There are a few others I've missed out, none of much interest, but, by and large, I come back to Muti as the reference point.

Incidentally, for *Macbeth*, my preference would be Abbado, though the Muti is also very good. Abbado's *Simon Boccanegra* I think one of the greatest opera recordings of all time, and his *Don Carlos* essential for its scholarly re-appraisal of the French score, though Giulini's is the greater performance.


----------



## amfortas (Jun 15, 2011)

GregMitchell said:


> Incidentally, for *Macbeth*, my preference would be Abbado, though the Muti is also very good. Abbado's *Simon Boccanegra* I think one of the greatest opera recordings of all time, and his *Don Carlos* essential for its scholarly re-appraisal of the French score, though Giulini's is the greater performance.

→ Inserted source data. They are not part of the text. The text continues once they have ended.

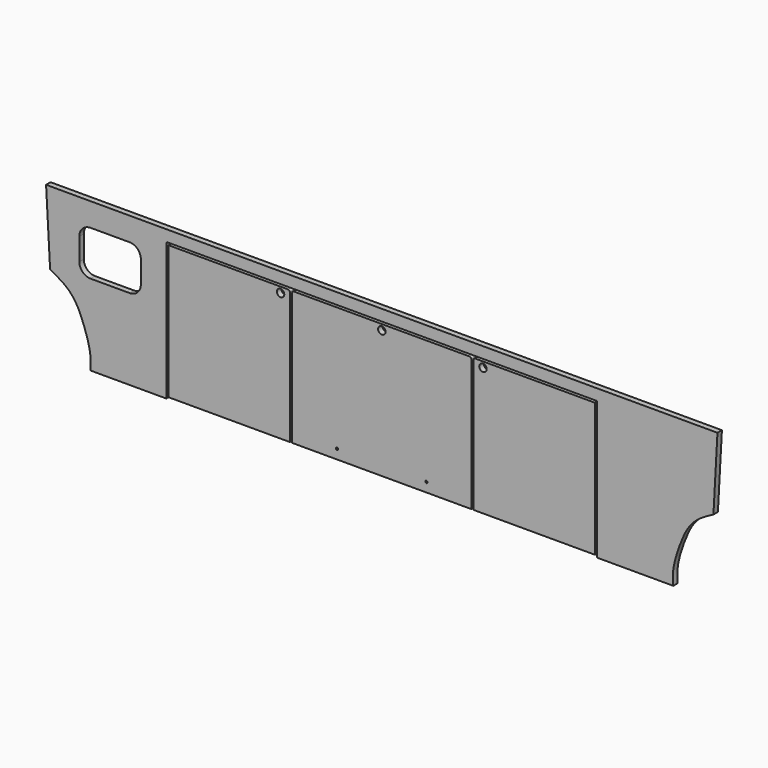
from build123d import *

# Parameters (mm, degrees)
F1_DEPTH = 15
F0_W     = 325.5
F0_H     = 359
F3_D     = 20
F3_2_D   = 20
F4_D     = 20
F6_D     = 6
F6_DEPTH = 10
F6_TIP   = 1.8025818571
F7_R     = 5


# Not quite as in the source:
# - a feature names something its author has since deleted; it is built from what else it names


with BuildPart() as f1:
    # F0 (on Front) → F1 (new body)
    with BuildSketch(Plane.XZ):
        with BuildLine():
            Line((323.5, 364), (3, 364))
            Line((3, 364), (3, 5))
            Line((3, 5), (328.5, 5))
            Line((328.5, 5), (328.5, 359))
            ThreePointArc((328.5, 359), (327.0355339059, 362.5355339059), (323.5, 364))
        make_face()
    extrude(amount=F1_DEPTH)

    # F3 (through all)
    with Locations(Plane(origin=(0, 0, 0), x_dir=(1, 0, 0), z_dir=(0, 1, 0))):
        with Locations((846.5, -349), (303.5, -349)):
            Hole(F3_D / 2)


with BuildPart() as f1b:
    # F0 (on Front) → F1, piece 2 (new body)
    with BuildSketch(Plane.XZ):
        with BuildLine():
            Line((1153, 367), (1153, 0))
            Line((1153, 0), (1357, 0))
            add(Edge.make_bspline(
                [(1357, 0), (1356.1672278551, 12.2122007475), (1354.31211947, 39.4164680214), (1370.6949740653, 94.7784632641), (1392.6268048722, 148.6262577603), (1423.2353721262, 181.2785277748), (1450.7449633607, 195.9247766546), (1464.7470712662, 203.3795714378)],
                knots=[0, 0, 0, 0, 0.1777103276, 0.3958728938, 0.6151864439, 0.8041337332, 1, 1, 1, 1], degree=3))
            Line((1464.7470712662, 203.3795714378), (1475.5141735077, 400))
            Line((1475.5141735077, 400), (575, 400))
            Line((575, 400), (-325.5141735077, 400))
            Line((-325.5141735077, 400), (-314.7470712662, 203.3795714378))
            add(Edge.make_bspline(
                [(-207, 0), (-206.1672278551, 12.2122007475), (-204.31211947, 39.4164680214), (-220.6949740653, 94.7784632641), (-242.6268048722, 148.6262577603), (-273.2353721262, 181.2785277748), (-300.7449633607, 195.9247766546), (-314.7470712662, 203.3795714378)],
                knots=[0, 0, 0, 0, 0.1777103276, 0.3958728938, 0.6151864439, 0.8041337332, 1, 1, 1, 1], degree=3))
            Line((-207, 0), (-3, 0))
            Line((-3, 0), (-3, 367))
            ThreePointArc((-3, 367), (-2.1213203436, 369.1213203436), (0, 370))
            Line((0, 370), (1150, 370))
            ThreePointArc((1150, 370), (1152.1213203436, 369.1213203436), (1153, 367))
        make_face()
        with BuildLine():
            Line((-206.3191956282, 337.107616663), (-101.3191956282, 337.107616663))
            ThreePointArc((-101.3191956282, 337.107616663), (-80.1059921926, 328.3208200986), (-71.3191956282, 307.107616663))
            Line((-71.3191956282, 307.107616663), (-71.3191956282, 247.107616663))
            ThreePointArc((-71.3191956282, 247.107616663), (-80.1059921926, 225.8944132274), (-101.3191956282, 217.107616663))
            Line((-101.3191956282, 217.107616663), (-206.3191956282, 217.107616663))
            ThreePointArc((-206.3191956282, 217.107616663), (-227.5323990638, 225.8944132274), (-236.3191956282, 247.107616663))
            Line((-236.3191956282, 247.107616663), (-236.3191956282, 307.107616663))
            ThreePointArc((-236.3191956282, 307.107616663), (-227.5323990638, 328.3208200986), (-206.3191956282, 337.107616663))
        make_face(mode=Mode.SUBTRACT)
    extrude(amount=F1_DEPTH)


with BuildPart() as f1c:
    # F0 (on Front) → F1, piece 3 (new body)
    with BuildSketch(Plane.XZ):
        with Locations((984.25, 184.5)):
            Rectangle(F0_W, F0_H)
    extrude(amount=F1_DEPTH)

    # F3#2 (through all)
    with Locations(Plane(origin=(0, 0, 0), x_dir=(1, 0, 0), z_dir=(0, 1, 0))):
        with Locations((846.5, -349), (303.5, -349)):
            Hole(F3_2_D / 2)

    # F7
    f7_edges = [f1c.edges().sort_by_distance(p)[0] for p in [
        (821.5, -7.5, 364),
    ]]
    fillet(f7_edges, radius=F7_R)


with BuildPart() as f1d:
    # F0 (on Front) → F1, piece 4 (new body)
    with BuildSketch(Plane.XZ):
        with BuildLine():
            Line((334.5, 359), (334.5, 5))
            Line((334.5, 5), (815.5, 5))
            Line((815.5, 5), (815.5, 359))
            ThreePointArc((815.5, 359), (814.0355339059, 362.5355339059), (810.5, 364))
            Line((810.5, 364), (339.5, 364))
            ThreePointArc((339.5, 364), (335.9644660941, 362.5355339059), (334.5, 359))
        make_face()
    extrude(amount=F1_DEPTH)

    # F4 (through all)
    with Locations(Plane(origin=(0, 0, 0), x_dir=(1, 0, 0), z_dir=(0, 1, 0))):
        with Locations((575.1550197601, -349)):
            Hole(F4_D / 2)

    # F6
    with Locations(Plane.XZ.offset(15)):
        with Locations((455, 30), (695, 30)):
            Hole(F6_D / 2, depth=F6_DEPTH)
            with Locations((0, 0, -(F6_DEPTH + F6_TIP / 2))):  # 118° drill point
                Cone(0, F6_D / 2, F6_TIP, mode=Mode.SUBTRACT)


solid = Compound([f1.part, f1b.part, f1c.part, f1d.part])

So we're not far apart in our assessment of Abbado; we just differ somewhat on Muti. But like you, I'm sure, I'm happy to have them both.


----------



## Marschallin Blair (Jan 23, 2014)

GregMitchell said:


> Whereas, on CD, I think the *Aida* is as close to a reference recording as we are likely to get (if such a thing actually existed, of course). The cast doesn't have a weak link, the conducting is in the best tradition of the Italian style, dramatic and lyric, and the analogue sound still very good.
> 
> There are of course individual elements preferable on other recordings, but none that adds up to such a convincing whole. It's the one I'd choose as a library choice, whilst pointing out it wouldn't be my only choice.
> 
> ...


Stellar exegesis. Thanks.


----------